I love you so much. I love how at your young age you are able to teach me about patience, focus, and what really matters. I love it when you grab my face with both hands and turn it to look you in the eyes. I love it when you pat my hand repeatedly and yell, “hey mom.” When I first got home, I was trying to fix the sheets on the bed. But you took over, “shoved” me back and said, “go over there, I got it.” Sometimes you’ll ask me to stop what I’m doing so you can nurse and then run off into your room by yourself and play with trains for ten full minutes while I finish up the dishes.
I love you sitting on the kitchen counter, wanting to be involved in every aspect of making smoothies, cutting produce, tasting sauces, shaking the spices (even just wanting to smell the ones we don’t need at the moment), getting things out of the fridge, throwing wrappers away, heating things up in the microwave, wiping off the counters, holding the lid on the Vitamix while it blends (even though that’s not really necessary), banging on wooden spoons and metal bowls to make a drum set, pulling off all the magnets and looking at the pictures on the fridge you’ve seen a million times.
You are so incredibly verbal these days. You tell big long stories with excitement. You know how to whisper but quickly forget while daddy is sleeping in the mornings - and all night long for that matter.
You love to “rember” things from yesterday, last week, last month.
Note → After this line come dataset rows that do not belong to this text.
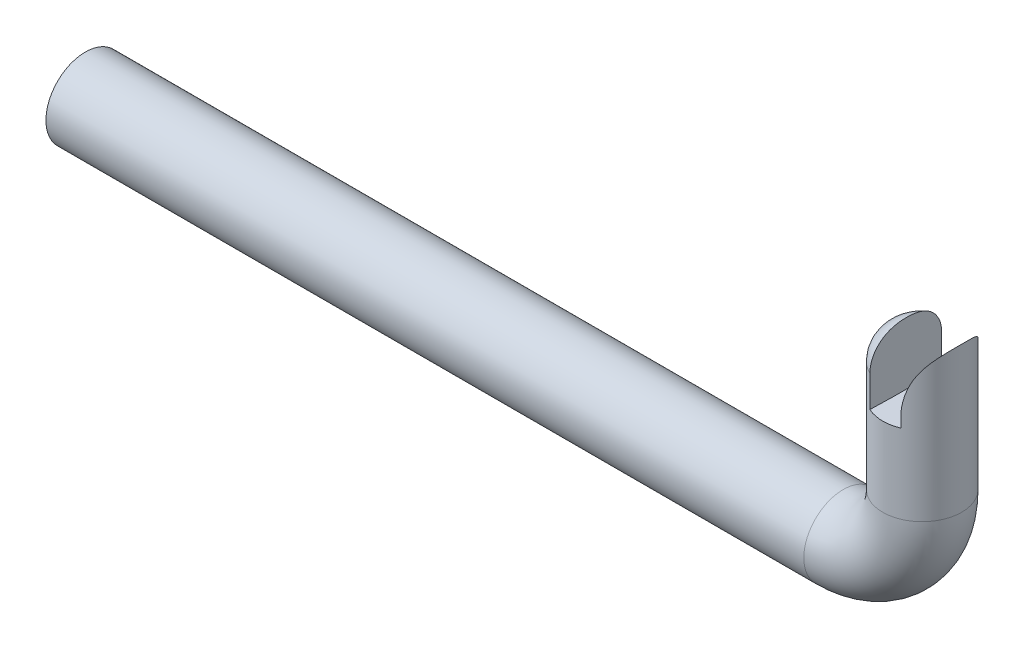
ISO-10303-21;
HEADER;
FILE_DESCRIPTION(('STEP AP214'),'2;1');
FILE_NAME('part.step','',(''),(''),'','','');
FILE_SCHEMA(('AUTOMOTIVE_DESIGN { 1 0 10303 214 1 1 1 1 }'));
ENDSEC;
DATA;
#1=APPLICATION_CONTEXT('core data for automotive mechanical design processes');
#2=APPLICATION_PROTOCOL_DEFINITION('international standard','automotive_design',2000,#1);
#3=PRODUCT_CONTEXT('',#1,'mechanical');
#4=PRODUCT('Part','Part','',(#3));
#5=PRODUCT_RELATED_PRODUCT_CATEGORY('part','',(#4));
#6=PRODUCT_DEFINITION_FORMATION('','',#4);
#7=PRODUCT_DEFINITION_CONTEXT('part definition',#1,'design');
#8=PRODUCT_DEFINITION('design','',#6,#7);
#9=PRODUCT_DEFINITION_SHAPE('','',#8);
#10=(LENGTH_UNIT() NAMED_UNIT(*) SI_UNIT(.MILLI.,.METRE.));
#11=(NAMED_UNIT(*) PLANE_ANGLE_UNIT() SI_UNIT($,.RADIAN.));
#12=(NAMED_UNIT(*) SI_UNIT($,.STERADIAN.) SOLID_ANGLE_UNIT());
#13=UNCERTAINTY_MEASURE_WITH_UNIT(LENGTH_MEASURE(1.E-05),#10,'distance_accuracy_value','');
#14=(GEOMETRIC_REPRESENTATION_CONTEXT(3) GLOBAL_UNCERTAINTY_ASSIGNED_CONTEXT((#13)) GLOBAL_UNIT_ASSIGNED_CONTEXT((#10,
#11,#12)) REPRESENTATION_CONTEXT('',''));
#15=CARTESIAN_POINT('',(0.,0.,0.));
#16=DIRECTION('',(0.,0.,1.));
#17=DIRECTION('',(1.,0.,0.));
#18=AXIS2_PLACEMENT_3D('',#15,#16,#17);
#19=CARTESIAN_POINT('',(67.31,12.7,0.));
#20=DIRECTION('',(0.,1.,0.));
#21=DIRECTION('',(0.,0.,-1.));
#22=AXIS2_PLACEMENT_3D('',#19,#20,#21);
#23=PLANE('',#22);
#24=CARTESIAN_POINT('',(67.31,12.7,0.));
#25=DIRECTION('',(0.,1.,0.));
#26=DIRECTION('',(0.,0.,-1.));
#27=AXIS2_PLACEMENT_3D('',#24,#25,#26);
#28=CIRCLE('',#27,3.175);
#29=CARTESIAN_POINT('',(65.9894886363636,12.7,2.88736467016328));
#30=VERTEX_POINT('',#29);
#31=CARTESIAN_POINT('',(68.5294886363636,12.7,2.93146251311185));
#32=VERTEX_POINT('',#31);
#33=EDGE_CURVE('E89',#30,#32,#28,.T.);
#34=ORIENTED_EDGE('',*,*,#33,.T.);
#35=CARTESIAN_POINT('',(-16.51,12.7,0.));
#36=DIRECTION('',(0.,-1.,0.));
#37=DIRECTION('',(0.,0.,-1.));
#38=AXIS2_PLACEMENT_3D('',#35,#36,#37);
#39=CIRCLE('',#38,85.09);
#40=CARTESIAN_POINT('',(68.5294886363636,12.7,-2.93146251311182));
#41=VERTEX_POINT('',#40);
#42=EDGE_CURVE('E93',#41,#32,#39,.T.);
#43=ORIENTED_EDGE('',*,*,#42,.F.);
#44=CARTESIAN_POINT('',(67.31,12.7,-3.175));
#45=VERTEX_POINT('',#44);
#46=EDGE_CURVE('E79',#41,#45,#28,.T.);
#47=ORIENTED_EDGE('',*,*,#46,.T.);
#48=CARTESIAN_POINT('',(65.9894886363636,12.7,-2.88736467016325));
#49=VERTEX_POINT('',#48);
#50=EDGE_CURVE('E87',#45,#49,#28,.T.);
#51=ORIENTED_EDGE('',*,*,#50,.T.);
#52=CARTESIAN_POINT('',(-16.51,12.7,0.));
#53=DIRECTION('',(0.,1.,0.));
#54=DIRECTION('',(0.,0.,1.));
#55=AXIS2_PLACEMENT_3D('',#52,#53,#54);
#56=CIRCLE('',#55,82.55);
#57=EDGE_CURVE('E109',#30,#49,#56,.T.);
#58=ORIENTED_EDGE('',*,*,#57,.F.);
#59=EDGE_LOOP('',(#34,#43,#47,#51,#58));
#60=FACE_BOUND('',#59,.T.);
#61=ADVANCED_FACE('F34',(#60),#23,.T.);
#62=CARTESIAN_POINT('',(0.,0.,0.));
#63=DIRECTION('',(1.,0.,0.));
#64=DIRECTION('',(0.,0.,-1.));
#65=AXIS2_PLACEMENT_3D('',#62,#63,#64);
#66=PLANE('',#65);
#67=CARTESIAN_POINT('',(0.,0.,0.));
#68=DIRECTION('',(1.,0.,0.));
#69=DIRECTION('',(0.,0.,-1.));
#70=AXIS2_PLACEMENT_3D('',#67,#68,#69);
#71=CIRCLE('',#70,3.175);
#72=CARTESIAN_POINT('',(0.,0.,-3.175));
#73=VERTEX_POINT('',#72);
#74=EDGE_CURVE('E116',#73,#73,#71,.T.);
#75=ORIENTED_EDGE('',*,*,#74,.F.);
#76=EDGE_LOOP('',(#75));
#77=FACE_BOUND('',#76,.T.);
#78=ADVANCED_FACE('F133',(#77),#66,.F.);
#79=CARTESIAN_POINT('',(0.,0.,0.));
#80=DIRECTION('',(1.,0.,0.));
#81=DIRECTION('',(0.,0.,-1.));
#82=AXIS2_PLACEMENT_3D('',#79,#80,#81);
#83=CYLINDRICAL_SURFACE('',#82,3.175);
#84=CARTESIAN_POINT('',(60.96,0.,0.));
#85=DIRECTION('',(1.,0.,0.));
#86=DIRECTION('',(0.,0.,-1.));
#87=AXIS2_PLACEMENT_3D('',#84,#85,#86);
#88=CIRCLE('',#87,3.175);
#89=CARTESIAN_POINT('',(60.96,-3.175,0.));
#90=VERTEX_POINT('',#89);
#91=EDGE_CURVE('E119',#90,#90,#88,.T.);
#92=ORIENTED_EDGE('',*,*,#91,.F.);
#93=EDGE_LOOP('',(#92));
#94=FACE_BOUND('',#93,.T.);
#95=ORIENTED_EDGE('',*,*,#74,.T.);
#96=EDGE_LOOP('',(#95));
#97=FACE_BOUND('',#96,.T.);
#98=ADVANCED_FACE('F135',(#94,#97),#83,.T.);
#99=CARTESIAN_POINT('',(60.96,6.35,0.));
#100=DIRECTION('',(0.,0.,1.));
#101=DIRECTION('',(1.,0.,0.));
#102=AXIS2_PLACEMENT_3D('',#99,#100,#101);
#103=TOROIDAL_SURFACE('',#102,6.35,3.175);
#104=CARTESIAN_POINT('',(67.31,6.35,0.));
#105=DIRECTION('',(0.,1.,0.));
#106=DIRECTION('',(0.,0.,-1.));
#107=AXIS2_PLACEMENT_3D('',#104,#105,#106);
#108=CIRCLE('',#107,3.175);
#109=CARTESIAN_POINT('',(70.485,6.35,0.));
#110=VERTEX_POINT('',#109);
#111=EDGE_CURVE('E90',#110,#110,#108,.T.);
#112=CARTESIAN_POINT('',(60.96,6.35,0.));
#113=DIRECTION('',(0.,0.,1.));
#114=DIRECTION('',(1.,0.,0.));
#115=AXIS2_PLACEMENT_3D('',#112,#113,#114);
#116=CIRCLE('',#115,9.525);
#117=EDGE_CURVE('',#90,#110,#116,.T.);
#118=ORIENTED_EDGE('',*,*,#91,.T.);
#119=ORIENTED_EDGE('',*,*,#111,.F.);
#120=ORIENTED_EDGE('',*,*,#117,.T.);
#121=ORIENTED_EDGE('',*,*,#117,.F.);
#122=EDGE_LOOP('',(#118,#120,#119,#121));
#123=FACE_BOUND('',#122,.T.);
#124=ADVANCED_FACE('F138',(#123),#103,.T.);
#125=CARTESIAN_POINT('',(67.31,6.35,0.));
#126=DIRECTION('',(0.,1.,0.));
#127=DIRECTION('',(0.,0.,1.));
#128=AXIS2_PLACEMENT_3D('',#125,#126,#127);
#129=CYLINDRICAL_SURFACE('',#128,3.175);
#130=DIRECTION('',(0.,-1.,0.));
#131=VECTOR('',#130,1.);
#132=CARTESIAN_POINT('',(65.9894886363636,17.78,2.88736467016325));
#133=LINE('',#132,#131);
#134=CARTESIAN_POINT('',(65.9894886363636,15.24,2.88736467016325));
#135=VERTEX_POINT('',#134);
#136=EDGE_CURVE('E112',#135,#30,#133,.T.);
#137=ORIENTED_EDGE('',*,*,#136,.F.);
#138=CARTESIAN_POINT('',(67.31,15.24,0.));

Last week, you weren’t falling asleep right away. We had all the lights off, even the fishy light, and we lied in bed talking about Hawai’i for ten or 15 minutes. We remembered every detail and experience we could: the condo, the bus rides, the luau, the dancers, the hot blacktop in the parking lot, Maxine, the green crab sand toy, the restaurant, the whales, the bar where you did pull-ups, the balcony, the beach, the ocean, the beach where you were naked, the beach where you and daddy jumped on waves, the pool, daddy splashing you, the boat with the trampolines (catamaran), the plane rides, the kids on the plane, the suitcases, chasing Taube (pigeons), building sand castles, burying your feet in the sand, the drums, the fire, the pig on a spit, sunscreen/sun hat, Crocs stay outside, all the stairs, new house, hiking backpack, coconut checkers, etc.